[How to complete this task]
Pull each line containing "Autodesk" from the data.

◆ ◆ ◆ ◆

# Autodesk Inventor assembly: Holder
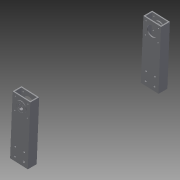
[picture p0: Inventor's stored thumbnail of the model, 180x180]
Saved by Autodesk Inventor 2013 (Build 170138000, 138)
## iProperties
Created: 2014-01-24
Part Number: Holder
Document SubType Name: Assembly
Designer: Jarod
Author: Jarod
## Documents named in this file (3)
- E:\Robotics\FRC\2014\CAD\Robot\Pickup\Z-Holder.iam
- E:\Robotics\FRC\2014\CAD\Robot\Pickup\Z-Bar.ipt
- E:\Robotics\FRC\2014\CAD\Robot\Pickup\BigBearing.ipt
## Components (4 placed, 2 different names)
1. Z-Bar:1 — Flush:1, Flush:2, Mate:1, Mate:8, Mate:10
2. Z-Bar:2 — Flush:1, Flush:2, Mate:1, Mate:9, Mate:11
3. BigBearing:1 — Mate:8, Mate:10
4. BigBearing:2 — Mate:9, Mate:11
## Relationships (7: Mate 5, Flush 2)
- Flush:1: Z-Bar:1 ↔ Z-Bar:2
- Flush:2: Z-Bar:1 ↔ Z-Bar:2
- Mate:1 (349.25 mm): Z-Bar:1 ↔ Z-Bar:2
- Mate:8: Z-Bar:1 ↔ BigBearing:1
- Mate:9: Z-Bar:2 ↔ BigBearing:2
- Mate:10: Z-Bar:1 ↔ BigBearing:1
- Mate:11: Z-Bar:2 ↔ BigBearing:2

◆ ◆ ◆ ◆

[Output for this exercise]
# Autodesk Inventor assembly: Holder
Saved by Autodesk Inventor 2013 (Build 170138000, 138)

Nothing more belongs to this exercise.